## ASSIGNMENT
Your answer must consist of exactly the lines below, starting with the line with "#5234 = DIRECTION" and going on through the line with "#9324 = CARTESIAN_POINT", and nothing else.

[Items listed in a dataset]
>>

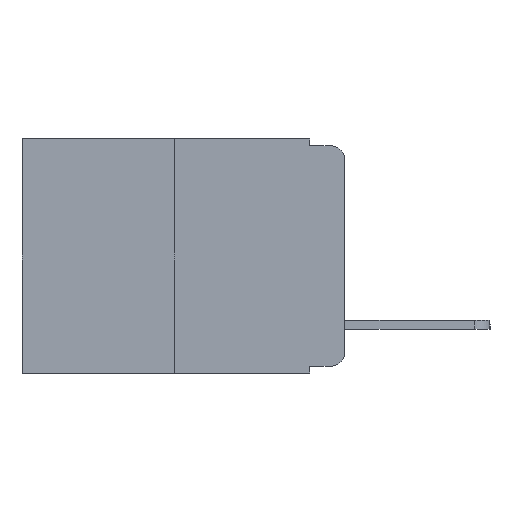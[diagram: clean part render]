
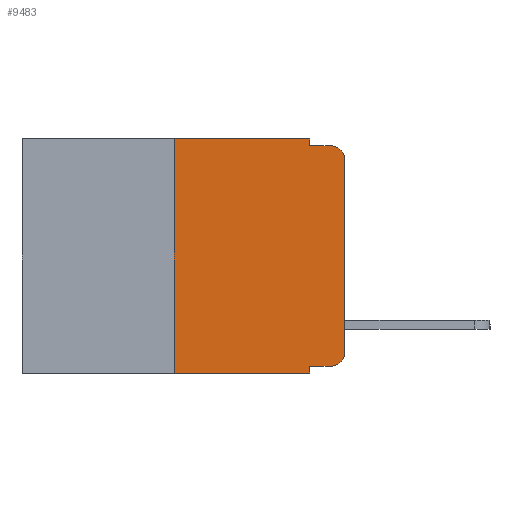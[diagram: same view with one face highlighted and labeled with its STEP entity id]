
A CAD part, left-side view. The second image highlights one B-rep face of the part: STEP entity #9483.
In plain terms, the highlighted planar face has unit normal (-1, 0, 0).
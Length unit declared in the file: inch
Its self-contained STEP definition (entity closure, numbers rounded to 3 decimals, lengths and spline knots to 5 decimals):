
#15 = PLANE ( 'NONE',  #10576 ) ;
#30 = ORIENTED_EDGE ( 'NONE', *, *, #14861, .F. ) ;
#346 = ORIENTED_EDGE ( 'NONE', *, *, #10460, .F. ) ;
#707 = DIRECTION ( 'NONE',  ( 0., 0., -1. ) ) ;
#794 = CARTESIAN_POINT ( 'NONE',  ( 0., 0., -0.313 ) ) ;
#1374 = VERTEX_POINT ( 'NONE', #3794 ) ;
#1402 = DIRECTION ( 'NONE',  ( 0., 0., -1. ) ) ;
#1736 = VERTEX_POINT ( 'NONE', #15318 ) ;
#2023 = CARTESIAN_POINT ( 'NONE',  ( 0., 0.25, 0. ) ) ;
#2095 = VECTOR ( 'NONE', #14652, 39.37008 ) ;
#2175 = CARTESIAN_POINT ( 'NONE',  ( 0., 0.473, 0. ) ) ;
#2431 = FACE_OUTER_BOUND ( 'NONE', #11295, .T. ) ;
#2742 = DIRECTION ( 'NONE',  ( 0., 0., 1. ) ) ;
#2786 = CIRCLE ( 'NONE', #4827, 0.02 ) ;
#2827 = CIRCLE ( 'NONE', #8969, 0.02 ) ;
#2941 = DIRECTION ( 'NONE',  ( -1., 0., 0. ) ) ;
#3170 = CARTESIAN_POINT ( 'NONE',  ( 0., 0.051, -0.333 ) ) ;
#3241 = CARTESIAN_POINT ( 'NONE',  ( 0., 0.051, -0.343 ) ) ;
#3553 = CARTESIAN_POINT ( 'NONE',  ( 0., 0.25, -0.343 ) ) ;
#3794 = CARTESIAN_POINT ( 'NONE',  ( 0., 0.051, -0.01 ) ) ;
#3944 = LINE ( 'NONE', #12510, #6874 ) ;
#4063 = EDGE_CURVE ( 'NONE', #5486, #11782, #8705, .T. ) ;
#4383 = EDGE_CURVE ( 'NONE', #7872, #1374, #4444, .T. ) ;
#4444 = LINE ( 'NONE', #9324, #12344 ) ;
#4738 = VECTOR ( 'NONE', #14960, 39.37008 ) ;
#4827 = AXIS2_PLACEMENT_3D ( 'NONE', #13922, #2941, #707 ) ;
#5172 = DIRECTION ( 'NONE',  ( 0., -1., 0. ) ) ;
#5234 = DIRECTION ( 'NONE',  ( 1., 0., 0. ) ) ;
#5486 = VERTEX_POINT ( 'NONE', #3170 ) ;
#5617 = ORIENTED_EDGE ( 'NONE', *, *, #10635, .T. ) ;
#5941 = DIRECTION ( 'NONE',  ( 0., -1., 0. ) ) ;
#6119 = CARTESIAN_POINT ( 'NONE',  ( 0., 0.02, -0.313 ) ) ;
#6125 = EDGE_CURVE ( 'NONE', #14196, #12626, #2827, .T. ) ;
#6148 = CARTESIAN_POINT ( 'NONE',  ( 0., 0.051, 0. ) ) ;
#6316 = LINE ( 'NONE', #11168, #4738 ) ;
#6537 = VECTOR ( 'NONE', #13324, 39.37008 ) ;
#6835 = EDGE_CURVE ( 'NONE', #9160, #7872, #10964, .T. ) ;
#6874 = VECTOR ( 'NONE', #2742, 39.37008 ) ;
#6918 = DIRECTION ( 'NONE',  ( 0., 0., 1. ) ) ;
#7641 = CARTESIAN_POINT ( 'NONE',  ( 0., 0.25, 0. ) ) ;
#7872 = VERTEX_POINT ( 'NONE', #6148 ) ;
#8380 = ORIENTED_EDGE ( 'NONE', *, *, #4383, .F. ) ;
#8672 = ORIENTED_EDGE ( 'NONE', *, *, #6835, .F. ) ;
#8690 = VECTOR ( 'NONE', #5941, 39.37008 ) ;
#8705 = LINE ( 'NONE', #10862, #2095 ) ;
#8755 = CARTESIAN_POINT ( 'NONE',  ( 0., 0.473, 0. ) ) ;
#8779 = CARTESIAN_POINT ( 'NONE',  ( 0., 0.051, -0.333 ) ) ;
#8969 = AXIS2_PLACEMENT_3D ( 'NONE', #6119, #14699, #12096 ) ;
#9105 = ORIENTED_EDGE ( 'NONE', *, *, #6125, .T. ) ;
#9141 = LINE ( 'NONE', #2023, #11113 ) ;
#9160 = VERTEX_POINT ( 'NONE', #7641 ) ;
#9324 = CARTESIAN_POINT ( 'NONE',  ( 0., 0.051, 0. ) ) ;
#9451 = VERTEX_POINT ( 'NONE', #3553 ) ;
#9483 = ADVANCED_FACE ( 'NONE', ( #2431 ), #15, .F. ) ;
#10460 = EDGE_CURVE ( 'NONE', #1374, #11665, #6316, .T. ) ;
#10576 = AXIS2_PLACEMENT_3D ( 'NONE', #8755, #5234, #1402 ) ;
#10635 = EDGE_CURVE ( 'NONE', #9451, #11782, #13401, .T. ) ;
#10862 = CARTESIAN_POINT ( 'NONE',  ( 0., 0.051, 0. ) ) ;
#10964 = LINE ( 'NONE', #2175, #8690 ) ;
#11113 = VECTOR ( 'NONE', #6918, 39.37008 ) ;
#11168 = CARTESIAN_POINT ( 'NONE',  ( 0., 0.051, -0.01 ) ) ;
#11295 = EDGE_LOOP ( 'NONE', ( #11499, #15279, #346, #8380, #8672, #30, #5617, #15408, #14902, #9105 ) ) ;
#11499 = ORIENTED_EDGE ( 'NONE', *, *, #13798, .T. ) ;
#11615 = EDGE_CURVE ( 'NONE', #5486, #14196, #12539, .T. ) ;
#11665 = VERTEX_POINT ( 'NONE', #14962 ) ;
#11782 = VERTEX_POINT ( 'NONE', #3241 ) ;
#11871 = CARTESIAN_POINT ( 'NONE',  ( 0., 0.473, -0.343 ) ) ;
#12096 = DIRECTION ( 'NONE',  ( 0., 0., -1. ) ) ;
#12344 = VECTOR ( 'NONE', #14232, 39.37008 ) ;
#12475 = EDGE_CURVE ( 'NONE', #1736, #11665, #2786, .T. ) ;
#12510 = CARTESIAN_POINT ( 'NONE',  ( 0., 0., 0. ) ) ;
#12539 = LINE ( 'NONE', #8779, #13026 ) ;
#12626 = VERTEX_POINT ( 'NONE', #794 ) ;
#13026 = VECTOR ( 'NONE', #5172, 39.37008 ) ;
#13324 = DIRECTION ( 'NONE',  ( 0., -1., 0. ) ) ;
#13401 = LINE ( 'NONE', #11871, #6537 ) ;
#13798 = EDGE_CURVE ( 'NONE', #12626, #1736, #3944, .T. ) ;
#13922 = CARTESIAN_POINT ( 'NONE',  ( 0., 0.02, -0.03 ) ) ;
#14196 = VERTEX_POINT ( 'NONE', #15667 ) ;
#14232 = DIRECTION ( 'NONE',  ( 0., 0., -1. ) ) ;
#14652 = DIRECTION ( 'NONE',  ( 0., 0., -1. ) ) ;
#14699 = DIRECTION ( 'NONE',  ( -1., 0., 0. ) ) ;
#14861 = EDGE_CURVE ( 'NONE', #9451, #9160, #9141, .T. ) ;
#14902 = ORIENTED_EDGE ( 'NONE', *, *, #11615, .T. ) ;
#14960 = DIRECTION ( 'NONE',  ( 0., -1., 0. ) ) ;
#14962 = CARTESIAN_POINT ( 'NONE',  ( 0., 0.02, -0.01 ) ) ;
#15279 = ORIENTED_EDGE ( 'NONE', *, *, #12475, .T. ) ;
#15318 = CARTESIAN_POINT ( 'NONE',  ( 0., 0., -0.03 ) ) ;
#15408 = ORIENTED_EDGE ( 'NONE', *, *, #4063, .F. ) ;
#15667 = CARTESIAN_POINT ( 'NONE',  ( 0., 0.02, -0.333 ) ) ;

<<

## WRITTEN ANSWER
#5234 = DIRECTION ( 'NONE',  ( 1., 0., 0. ) ) ;
#5486 = VERTEX_POINT ( 'NONE', #3170 ) ;
#5617 = ORIENTED_EDGE ( 'NONE', *, *, #10635, .T. ) ;
#5941 = DIRECTION ( 'NONE',  ( 0., -1., 0. ) ) ;
#6119 = CARTESIAN_POINT ( 'NONE',  ( 0., 0.02, -0.313 ) ) ;
#6125 = EDGE_CURVE ( 'NONE', #14196, #12626, #2827, .T. ) ;
#6148 = CARTESIAN_POINT ( 'NONE',  ( 0., 0.051, 0. ) ) ;
#6316 = LINE ( 'NONE', #11168, #4738 ) ;
#6537 = VECTOR ( 'NONE', #13324, 39.37008 ) ;
#6835 = EDGE_CURVE ( 'NONE', #9160, #7872, #10964, .T. ) ;
#6874 = VECTOR ( 'NONE', #2742, 39.37008 ) ;
#6918 = DIRECTION ( 'NONE',  ( 0., 0., 1. ) ) ;
#7641 = CARTESIAN_POINT ( 'NONE',  ( 0., 0.25, 0. ) ) ;
#7872 = VERTEX_POINT ( 'NONE', #6148 ) ;
#8380 = ORIENTED_EDGE ( 'NONE', *, *, #4383, .F. ) ;
#8672 = ORIENTED_EDGE ( 'NONE', *, *, #6835, .F. ) ;
#8690 = VECTOR ( 'NONE', #5941, 39.37008 ) ;
#8705 = LINE ( 'NONE', #10862, #2095 ) ;
#8755 = CARTESIAN_POINT ( 'NONE',  ( 0., 0.473, 0. ) ) ;
#8779 = CARTESIAN_POINT ( 'NONE',  ( 0., 0.051, -0.333 ) ) ;
#8969 = AXIS2_PLACEMENT_3D ( 'NONE', #6119, #14699, #12096 ) ;
#9105 = ORIENTED_EDGE ( 'NONE', *, *, #6125, .T. ) ;
#9141 = LINE ( 'NONE', #2023, #11113 ) ;
#9160 = VERTEX_POINT ( 'NONE', #7641 ) ;
#9324 = CARTESIAN_POINT ( 'NONE',  ( 0., 0.051, 0. ) ) ;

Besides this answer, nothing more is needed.